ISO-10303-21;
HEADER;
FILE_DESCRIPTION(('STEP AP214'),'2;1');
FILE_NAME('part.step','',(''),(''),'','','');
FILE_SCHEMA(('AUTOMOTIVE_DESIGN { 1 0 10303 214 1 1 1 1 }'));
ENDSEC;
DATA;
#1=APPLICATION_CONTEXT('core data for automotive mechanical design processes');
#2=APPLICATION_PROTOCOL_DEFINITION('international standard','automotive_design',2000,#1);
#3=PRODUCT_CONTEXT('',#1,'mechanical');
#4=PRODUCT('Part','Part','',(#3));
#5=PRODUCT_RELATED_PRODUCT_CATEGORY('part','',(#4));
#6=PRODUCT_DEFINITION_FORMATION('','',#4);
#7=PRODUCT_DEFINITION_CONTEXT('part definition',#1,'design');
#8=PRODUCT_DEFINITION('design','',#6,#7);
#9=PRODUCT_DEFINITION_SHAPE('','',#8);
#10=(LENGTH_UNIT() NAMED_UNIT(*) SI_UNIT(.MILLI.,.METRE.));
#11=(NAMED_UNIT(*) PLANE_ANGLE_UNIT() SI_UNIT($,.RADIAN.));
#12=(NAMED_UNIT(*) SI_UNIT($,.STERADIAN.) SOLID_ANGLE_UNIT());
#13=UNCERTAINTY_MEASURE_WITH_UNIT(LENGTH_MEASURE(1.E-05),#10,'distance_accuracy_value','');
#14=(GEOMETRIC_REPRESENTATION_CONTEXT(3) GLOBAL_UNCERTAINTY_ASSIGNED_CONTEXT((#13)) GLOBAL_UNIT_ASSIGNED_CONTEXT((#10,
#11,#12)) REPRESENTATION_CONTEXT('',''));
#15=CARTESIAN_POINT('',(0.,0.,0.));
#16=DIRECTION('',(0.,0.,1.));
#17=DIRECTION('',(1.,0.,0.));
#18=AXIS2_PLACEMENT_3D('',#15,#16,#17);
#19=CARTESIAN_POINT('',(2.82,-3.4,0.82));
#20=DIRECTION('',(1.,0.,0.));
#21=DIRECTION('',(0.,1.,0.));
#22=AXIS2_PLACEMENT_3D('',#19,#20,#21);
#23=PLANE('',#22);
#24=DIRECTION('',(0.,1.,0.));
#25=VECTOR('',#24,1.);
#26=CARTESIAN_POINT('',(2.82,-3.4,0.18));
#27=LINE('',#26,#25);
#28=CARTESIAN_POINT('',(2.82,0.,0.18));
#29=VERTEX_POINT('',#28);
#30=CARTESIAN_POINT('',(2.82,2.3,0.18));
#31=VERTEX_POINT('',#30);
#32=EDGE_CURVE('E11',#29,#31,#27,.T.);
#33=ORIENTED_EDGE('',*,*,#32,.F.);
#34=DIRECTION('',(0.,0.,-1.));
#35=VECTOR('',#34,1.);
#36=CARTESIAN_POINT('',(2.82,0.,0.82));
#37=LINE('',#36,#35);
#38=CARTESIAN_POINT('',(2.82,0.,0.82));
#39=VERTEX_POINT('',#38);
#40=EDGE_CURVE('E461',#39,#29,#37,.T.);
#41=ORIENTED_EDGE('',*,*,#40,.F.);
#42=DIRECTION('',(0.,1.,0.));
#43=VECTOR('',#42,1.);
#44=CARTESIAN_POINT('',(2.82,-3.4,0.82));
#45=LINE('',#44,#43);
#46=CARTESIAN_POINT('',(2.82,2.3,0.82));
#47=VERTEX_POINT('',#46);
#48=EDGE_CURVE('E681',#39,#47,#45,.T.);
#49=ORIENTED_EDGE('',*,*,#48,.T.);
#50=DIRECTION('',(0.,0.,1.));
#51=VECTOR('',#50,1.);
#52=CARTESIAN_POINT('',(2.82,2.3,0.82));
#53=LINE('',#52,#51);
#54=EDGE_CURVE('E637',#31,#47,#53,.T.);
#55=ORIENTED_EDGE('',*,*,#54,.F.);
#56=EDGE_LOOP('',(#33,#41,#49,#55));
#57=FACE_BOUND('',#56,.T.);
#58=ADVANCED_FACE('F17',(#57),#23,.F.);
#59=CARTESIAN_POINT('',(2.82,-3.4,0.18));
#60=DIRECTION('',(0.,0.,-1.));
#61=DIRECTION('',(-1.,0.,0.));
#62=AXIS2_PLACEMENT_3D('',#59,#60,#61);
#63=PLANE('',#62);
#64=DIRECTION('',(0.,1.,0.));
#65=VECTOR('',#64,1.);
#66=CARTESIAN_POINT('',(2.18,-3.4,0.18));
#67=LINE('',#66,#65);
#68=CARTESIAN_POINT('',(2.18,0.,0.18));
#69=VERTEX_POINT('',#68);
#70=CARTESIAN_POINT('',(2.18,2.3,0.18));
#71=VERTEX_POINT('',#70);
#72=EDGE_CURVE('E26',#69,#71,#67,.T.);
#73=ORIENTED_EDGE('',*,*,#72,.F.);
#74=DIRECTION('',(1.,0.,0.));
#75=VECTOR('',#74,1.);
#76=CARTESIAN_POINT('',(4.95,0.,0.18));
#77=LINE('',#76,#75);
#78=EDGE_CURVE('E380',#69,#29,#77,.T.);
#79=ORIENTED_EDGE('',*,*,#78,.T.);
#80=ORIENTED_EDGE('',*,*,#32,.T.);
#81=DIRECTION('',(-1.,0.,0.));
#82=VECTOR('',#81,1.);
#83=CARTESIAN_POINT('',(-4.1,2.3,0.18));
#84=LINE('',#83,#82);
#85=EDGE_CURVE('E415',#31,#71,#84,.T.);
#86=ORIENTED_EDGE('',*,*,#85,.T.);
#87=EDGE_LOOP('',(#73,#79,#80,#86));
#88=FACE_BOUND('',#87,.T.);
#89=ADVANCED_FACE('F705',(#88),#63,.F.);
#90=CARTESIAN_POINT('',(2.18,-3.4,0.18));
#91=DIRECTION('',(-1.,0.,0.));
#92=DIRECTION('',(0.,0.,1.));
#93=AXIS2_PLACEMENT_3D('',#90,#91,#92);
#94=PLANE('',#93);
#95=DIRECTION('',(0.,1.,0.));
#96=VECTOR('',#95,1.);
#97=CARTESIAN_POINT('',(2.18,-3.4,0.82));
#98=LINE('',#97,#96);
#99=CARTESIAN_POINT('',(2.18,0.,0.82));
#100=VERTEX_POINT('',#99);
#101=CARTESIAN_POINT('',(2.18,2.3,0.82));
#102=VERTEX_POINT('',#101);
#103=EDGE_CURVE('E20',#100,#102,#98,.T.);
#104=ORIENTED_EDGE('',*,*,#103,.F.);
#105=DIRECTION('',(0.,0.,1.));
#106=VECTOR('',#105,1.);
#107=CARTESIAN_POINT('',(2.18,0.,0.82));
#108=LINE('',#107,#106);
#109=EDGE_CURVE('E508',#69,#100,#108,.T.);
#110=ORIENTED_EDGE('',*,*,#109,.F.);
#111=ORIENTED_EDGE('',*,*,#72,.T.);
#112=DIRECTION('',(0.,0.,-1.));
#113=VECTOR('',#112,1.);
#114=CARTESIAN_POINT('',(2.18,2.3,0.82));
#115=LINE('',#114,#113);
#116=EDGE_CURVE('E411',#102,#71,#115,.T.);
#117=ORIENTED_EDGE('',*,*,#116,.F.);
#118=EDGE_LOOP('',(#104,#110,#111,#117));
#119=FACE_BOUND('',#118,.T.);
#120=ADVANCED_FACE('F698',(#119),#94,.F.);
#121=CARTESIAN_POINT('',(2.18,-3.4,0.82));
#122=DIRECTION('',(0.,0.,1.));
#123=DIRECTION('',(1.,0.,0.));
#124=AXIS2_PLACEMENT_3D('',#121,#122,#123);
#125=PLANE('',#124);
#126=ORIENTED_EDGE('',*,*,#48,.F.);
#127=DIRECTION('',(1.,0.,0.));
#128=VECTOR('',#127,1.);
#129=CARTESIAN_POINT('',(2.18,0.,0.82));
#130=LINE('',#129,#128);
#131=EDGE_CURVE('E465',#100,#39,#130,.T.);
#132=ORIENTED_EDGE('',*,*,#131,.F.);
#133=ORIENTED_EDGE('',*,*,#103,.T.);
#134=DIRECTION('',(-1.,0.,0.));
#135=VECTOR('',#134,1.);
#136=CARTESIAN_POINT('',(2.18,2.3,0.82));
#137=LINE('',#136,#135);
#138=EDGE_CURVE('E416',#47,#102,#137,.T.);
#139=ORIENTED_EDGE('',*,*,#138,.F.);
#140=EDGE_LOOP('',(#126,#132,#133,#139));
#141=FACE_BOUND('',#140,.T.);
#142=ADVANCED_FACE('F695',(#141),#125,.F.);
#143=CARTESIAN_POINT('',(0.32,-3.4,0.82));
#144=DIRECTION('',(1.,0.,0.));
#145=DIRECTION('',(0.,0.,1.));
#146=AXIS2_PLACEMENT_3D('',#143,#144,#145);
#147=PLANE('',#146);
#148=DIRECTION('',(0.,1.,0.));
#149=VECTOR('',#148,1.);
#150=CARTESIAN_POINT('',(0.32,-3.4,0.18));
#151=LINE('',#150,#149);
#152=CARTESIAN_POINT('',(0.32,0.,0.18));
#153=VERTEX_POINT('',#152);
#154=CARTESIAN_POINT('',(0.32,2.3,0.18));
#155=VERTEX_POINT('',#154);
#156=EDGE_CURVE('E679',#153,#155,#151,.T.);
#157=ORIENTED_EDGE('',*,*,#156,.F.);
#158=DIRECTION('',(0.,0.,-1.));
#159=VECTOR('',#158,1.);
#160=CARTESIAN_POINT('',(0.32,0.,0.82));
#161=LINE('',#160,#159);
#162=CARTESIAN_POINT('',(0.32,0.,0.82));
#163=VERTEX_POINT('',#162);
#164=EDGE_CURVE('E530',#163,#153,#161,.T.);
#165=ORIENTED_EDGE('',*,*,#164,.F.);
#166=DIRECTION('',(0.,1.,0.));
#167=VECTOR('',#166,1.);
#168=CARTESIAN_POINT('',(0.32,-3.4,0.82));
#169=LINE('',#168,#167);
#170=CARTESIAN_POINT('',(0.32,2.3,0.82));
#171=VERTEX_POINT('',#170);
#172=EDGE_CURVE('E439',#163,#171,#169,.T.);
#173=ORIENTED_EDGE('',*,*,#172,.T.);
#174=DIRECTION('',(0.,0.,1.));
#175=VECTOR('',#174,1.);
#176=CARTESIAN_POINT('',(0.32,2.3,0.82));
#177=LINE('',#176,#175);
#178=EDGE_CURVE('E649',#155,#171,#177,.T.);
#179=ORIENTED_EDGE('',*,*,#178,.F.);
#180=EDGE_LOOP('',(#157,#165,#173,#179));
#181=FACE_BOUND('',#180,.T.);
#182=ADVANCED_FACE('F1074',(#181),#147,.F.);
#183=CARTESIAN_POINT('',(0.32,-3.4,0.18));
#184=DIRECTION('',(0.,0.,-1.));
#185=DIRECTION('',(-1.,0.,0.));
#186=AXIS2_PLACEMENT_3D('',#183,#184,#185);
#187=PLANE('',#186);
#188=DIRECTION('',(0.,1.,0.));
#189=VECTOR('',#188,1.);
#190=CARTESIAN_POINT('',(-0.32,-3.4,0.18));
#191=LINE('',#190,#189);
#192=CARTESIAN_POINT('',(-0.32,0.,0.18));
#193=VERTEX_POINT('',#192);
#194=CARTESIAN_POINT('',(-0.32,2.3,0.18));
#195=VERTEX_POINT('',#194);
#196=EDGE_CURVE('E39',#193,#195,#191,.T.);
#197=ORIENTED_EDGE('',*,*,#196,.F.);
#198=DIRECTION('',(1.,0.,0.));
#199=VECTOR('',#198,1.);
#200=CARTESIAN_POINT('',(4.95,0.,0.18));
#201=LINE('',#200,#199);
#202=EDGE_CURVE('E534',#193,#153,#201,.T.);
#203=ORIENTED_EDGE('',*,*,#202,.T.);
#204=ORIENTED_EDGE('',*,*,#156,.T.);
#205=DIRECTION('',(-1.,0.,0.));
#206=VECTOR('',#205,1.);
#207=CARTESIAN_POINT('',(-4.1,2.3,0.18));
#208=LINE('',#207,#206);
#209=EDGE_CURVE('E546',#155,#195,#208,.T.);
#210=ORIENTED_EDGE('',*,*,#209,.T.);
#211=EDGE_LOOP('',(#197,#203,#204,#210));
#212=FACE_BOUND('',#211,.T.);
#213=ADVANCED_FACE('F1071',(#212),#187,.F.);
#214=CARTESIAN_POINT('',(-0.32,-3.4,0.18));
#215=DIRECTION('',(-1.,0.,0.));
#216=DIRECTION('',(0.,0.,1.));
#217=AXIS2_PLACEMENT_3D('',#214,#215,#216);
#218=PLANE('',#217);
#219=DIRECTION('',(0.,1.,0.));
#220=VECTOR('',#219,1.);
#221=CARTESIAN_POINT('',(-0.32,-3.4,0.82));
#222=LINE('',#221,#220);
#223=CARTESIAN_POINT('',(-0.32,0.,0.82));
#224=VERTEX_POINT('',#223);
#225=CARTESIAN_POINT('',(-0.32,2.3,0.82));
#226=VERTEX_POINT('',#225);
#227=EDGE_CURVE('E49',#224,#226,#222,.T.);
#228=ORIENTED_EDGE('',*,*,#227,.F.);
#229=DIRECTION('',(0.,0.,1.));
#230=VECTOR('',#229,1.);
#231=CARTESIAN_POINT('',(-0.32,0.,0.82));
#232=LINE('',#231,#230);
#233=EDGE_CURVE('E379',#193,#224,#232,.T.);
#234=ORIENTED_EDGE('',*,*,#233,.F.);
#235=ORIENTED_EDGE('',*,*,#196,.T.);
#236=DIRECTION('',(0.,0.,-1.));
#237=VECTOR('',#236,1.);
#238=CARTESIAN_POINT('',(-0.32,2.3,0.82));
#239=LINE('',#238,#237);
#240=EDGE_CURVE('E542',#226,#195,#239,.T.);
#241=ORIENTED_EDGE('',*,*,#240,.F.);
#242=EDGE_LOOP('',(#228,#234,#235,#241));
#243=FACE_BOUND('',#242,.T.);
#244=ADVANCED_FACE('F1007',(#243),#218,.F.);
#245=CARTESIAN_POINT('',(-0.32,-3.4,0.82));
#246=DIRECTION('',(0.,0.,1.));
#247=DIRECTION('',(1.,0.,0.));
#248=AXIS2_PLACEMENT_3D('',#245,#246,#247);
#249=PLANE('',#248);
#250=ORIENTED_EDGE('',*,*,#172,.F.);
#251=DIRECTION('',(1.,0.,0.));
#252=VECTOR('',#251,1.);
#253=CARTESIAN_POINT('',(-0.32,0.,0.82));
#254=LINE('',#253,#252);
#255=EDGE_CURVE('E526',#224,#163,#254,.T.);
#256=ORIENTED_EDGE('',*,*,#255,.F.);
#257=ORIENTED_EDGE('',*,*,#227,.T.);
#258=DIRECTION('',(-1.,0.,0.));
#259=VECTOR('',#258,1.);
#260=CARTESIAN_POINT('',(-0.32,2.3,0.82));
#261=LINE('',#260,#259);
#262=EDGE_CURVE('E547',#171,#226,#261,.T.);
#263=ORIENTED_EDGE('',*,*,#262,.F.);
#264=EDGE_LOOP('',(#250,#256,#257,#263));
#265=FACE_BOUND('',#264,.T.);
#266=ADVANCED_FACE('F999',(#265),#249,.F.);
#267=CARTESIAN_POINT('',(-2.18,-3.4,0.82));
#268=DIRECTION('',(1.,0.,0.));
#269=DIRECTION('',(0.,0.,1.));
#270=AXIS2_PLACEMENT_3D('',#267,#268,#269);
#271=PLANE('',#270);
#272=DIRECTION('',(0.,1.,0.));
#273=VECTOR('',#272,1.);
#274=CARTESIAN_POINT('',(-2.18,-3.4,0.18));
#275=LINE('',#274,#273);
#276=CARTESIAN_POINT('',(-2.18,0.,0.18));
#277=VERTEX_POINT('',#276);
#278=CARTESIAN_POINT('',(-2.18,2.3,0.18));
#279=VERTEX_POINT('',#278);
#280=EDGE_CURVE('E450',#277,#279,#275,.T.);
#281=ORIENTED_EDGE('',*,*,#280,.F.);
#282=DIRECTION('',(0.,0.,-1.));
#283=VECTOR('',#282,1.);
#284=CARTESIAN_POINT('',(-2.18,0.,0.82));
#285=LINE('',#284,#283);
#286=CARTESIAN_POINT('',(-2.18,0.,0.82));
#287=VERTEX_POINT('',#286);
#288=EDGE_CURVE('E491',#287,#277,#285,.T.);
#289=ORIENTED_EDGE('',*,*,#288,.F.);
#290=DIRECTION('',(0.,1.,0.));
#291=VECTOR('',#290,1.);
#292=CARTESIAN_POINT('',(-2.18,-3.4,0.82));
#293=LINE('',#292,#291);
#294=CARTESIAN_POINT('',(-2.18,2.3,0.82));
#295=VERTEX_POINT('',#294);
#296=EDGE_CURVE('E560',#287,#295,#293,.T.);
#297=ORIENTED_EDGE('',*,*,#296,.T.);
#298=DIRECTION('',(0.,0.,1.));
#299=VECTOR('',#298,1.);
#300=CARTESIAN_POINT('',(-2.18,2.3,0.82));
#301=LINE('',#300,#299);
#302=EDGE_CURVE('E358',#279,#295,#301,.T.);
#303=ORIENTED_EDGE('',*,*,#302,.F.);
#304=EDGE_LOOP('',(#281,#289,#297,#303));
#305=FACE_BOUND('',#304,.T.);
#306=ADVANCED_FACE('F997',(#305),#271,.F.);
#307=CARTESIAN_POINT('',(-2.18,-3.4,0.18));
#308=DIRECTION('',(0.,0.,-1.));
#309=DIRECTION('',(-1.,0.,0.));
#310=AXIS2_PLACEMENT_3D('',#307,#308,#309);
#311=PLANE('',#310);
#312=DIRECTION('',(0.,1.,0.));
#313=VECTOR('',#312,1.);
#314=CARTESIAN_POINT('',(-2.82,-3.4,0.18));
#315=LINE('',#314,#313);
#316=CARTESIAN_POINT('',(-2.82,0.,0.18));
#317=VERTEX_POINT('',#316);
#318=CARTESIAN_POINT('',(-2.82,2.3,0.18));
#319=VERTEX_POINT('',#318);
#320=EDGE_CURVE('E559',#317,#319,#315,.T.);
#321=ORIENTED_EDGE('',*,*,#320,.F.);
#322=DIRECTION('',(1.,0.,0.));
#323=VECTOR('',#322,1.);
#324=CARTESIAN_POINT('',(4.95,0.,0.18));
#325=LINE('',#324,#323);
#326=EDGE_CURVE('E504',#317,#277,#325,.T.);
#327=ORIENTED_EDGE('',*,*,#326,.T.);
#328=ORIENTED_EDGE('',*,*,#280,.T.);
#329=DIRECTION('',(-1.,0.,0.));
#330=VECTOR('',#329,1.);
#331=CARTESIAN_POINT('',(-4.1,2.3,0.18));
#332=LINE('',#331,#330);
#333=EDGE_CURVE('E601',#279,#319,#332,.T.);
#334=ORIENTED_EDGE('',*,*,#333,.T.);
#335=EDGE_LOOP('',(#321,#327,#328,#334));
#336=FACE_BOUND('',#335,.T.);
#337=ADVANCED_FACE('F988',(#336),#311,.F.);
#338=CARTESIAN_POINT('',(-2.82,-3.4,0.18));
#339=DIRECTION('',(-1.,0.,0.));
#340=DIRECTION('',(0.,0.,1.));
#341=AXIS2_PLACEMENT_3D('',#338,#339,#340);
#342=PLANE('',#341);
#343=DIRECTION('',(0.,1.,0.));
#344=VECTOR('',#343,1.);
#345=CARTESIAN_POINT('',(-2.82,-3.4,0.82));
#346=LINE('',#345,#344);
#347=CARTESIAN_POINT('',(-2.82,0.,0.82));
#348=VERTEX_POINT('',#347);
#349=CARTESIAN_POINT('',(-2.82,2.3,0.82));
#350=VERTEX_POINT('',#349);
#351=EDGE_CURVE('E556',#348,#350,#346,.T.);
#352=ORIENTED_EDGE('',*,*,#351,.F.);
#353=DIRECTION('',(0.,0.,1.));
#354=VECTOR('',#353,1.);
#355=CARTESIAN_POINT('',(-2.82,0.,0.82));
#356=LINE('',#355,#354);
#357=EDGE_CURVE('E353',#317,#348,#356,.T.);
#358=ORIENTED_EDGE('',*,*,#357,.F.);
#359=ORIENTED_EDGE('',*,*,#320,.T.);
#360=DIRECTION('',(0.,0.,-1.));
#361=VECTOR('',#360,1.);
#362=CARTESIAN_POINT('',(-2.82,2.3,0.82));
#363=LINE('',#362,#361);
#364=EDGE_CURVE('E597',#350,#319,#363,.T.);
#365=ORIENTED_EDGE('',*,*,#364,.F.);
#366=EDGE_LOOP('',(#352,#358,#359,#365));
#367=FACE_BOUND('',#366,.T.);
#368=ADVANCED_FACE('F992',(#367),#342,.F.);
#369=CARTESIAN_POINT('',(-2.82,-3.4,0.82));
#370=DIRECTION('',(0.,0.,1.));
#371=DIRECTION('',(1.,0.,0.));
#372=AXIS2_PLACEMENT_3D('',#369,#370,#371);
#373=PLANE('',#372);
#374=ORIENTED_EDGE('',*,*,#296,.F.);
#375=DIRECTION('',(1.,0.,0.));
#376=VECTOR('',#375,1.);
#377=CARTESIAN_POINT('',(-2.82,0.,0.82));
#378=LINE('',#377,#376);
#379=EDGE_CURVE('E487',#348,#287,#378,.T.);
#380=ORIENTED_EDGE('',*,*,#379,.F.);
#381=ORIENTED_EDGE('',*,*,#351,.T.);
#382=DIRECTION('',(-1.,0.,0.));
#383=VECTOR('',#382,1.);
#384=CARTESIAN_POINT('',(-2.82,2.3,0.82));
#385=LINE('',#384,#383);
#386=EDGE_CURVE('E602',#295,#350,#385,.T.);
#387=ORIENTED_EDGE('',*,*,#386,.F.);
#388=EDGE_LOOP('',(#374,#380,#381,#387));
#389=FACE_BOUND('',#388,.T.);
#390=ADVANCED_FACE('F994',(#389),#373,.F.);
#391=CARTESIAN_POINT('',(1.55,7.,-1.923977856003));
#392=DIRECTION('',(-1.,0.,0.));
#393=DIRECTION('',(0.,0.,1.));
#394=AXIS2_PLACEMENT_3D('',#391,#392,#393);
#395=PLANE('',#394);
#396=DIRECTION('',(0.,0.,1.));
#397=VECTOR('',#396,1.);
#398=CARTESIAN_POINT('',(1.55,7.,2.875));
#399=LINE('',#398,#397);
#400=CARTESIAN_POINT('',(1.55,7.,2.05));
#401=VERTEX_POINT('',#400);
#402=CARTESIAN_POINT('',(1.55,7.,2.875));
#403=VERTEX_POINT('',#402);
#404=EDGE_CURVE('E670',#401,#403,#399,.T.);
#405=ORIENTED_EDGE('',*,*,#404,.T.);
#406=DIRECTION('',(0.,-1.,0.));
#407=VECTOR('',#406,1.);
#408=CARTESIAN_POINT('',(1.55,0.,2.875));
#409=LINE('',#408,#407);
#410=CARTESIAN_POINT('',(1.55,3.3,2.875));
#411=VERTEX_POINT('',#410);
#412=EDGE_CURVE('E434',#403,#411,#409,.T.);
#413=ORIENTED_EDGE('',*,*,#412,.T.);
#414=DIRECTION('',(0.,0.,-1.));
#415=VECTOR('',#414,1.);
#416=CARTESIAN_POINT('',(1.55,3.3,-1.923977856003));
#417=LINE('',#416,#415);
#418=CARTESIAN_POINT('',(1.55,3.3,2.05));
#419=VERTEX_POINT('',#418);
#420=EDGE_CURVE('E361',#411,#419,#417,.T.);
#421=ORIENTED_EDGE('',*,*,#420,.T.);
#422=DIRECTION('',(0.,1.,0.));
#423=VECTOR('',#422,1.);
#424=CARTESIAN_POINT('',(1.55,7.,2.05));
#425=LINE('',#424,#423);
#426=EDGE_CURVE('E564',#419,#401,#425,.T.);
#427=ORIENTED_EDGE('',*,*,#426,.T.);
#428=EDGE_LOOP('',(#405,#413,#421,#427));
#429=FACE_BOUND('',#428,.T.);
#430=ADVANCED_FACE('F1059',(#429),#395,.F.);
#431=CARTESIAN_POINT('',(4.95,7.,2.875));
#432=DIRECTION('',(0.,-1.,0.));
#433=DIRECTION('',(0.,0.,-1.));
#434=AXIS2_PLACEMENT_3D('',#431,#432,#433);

-.-.-

PROBLEM TO SOLVE »
State the number of lines in the data above that include the word "mechanical", leaving out any other words.

COMPLETED TASK »
2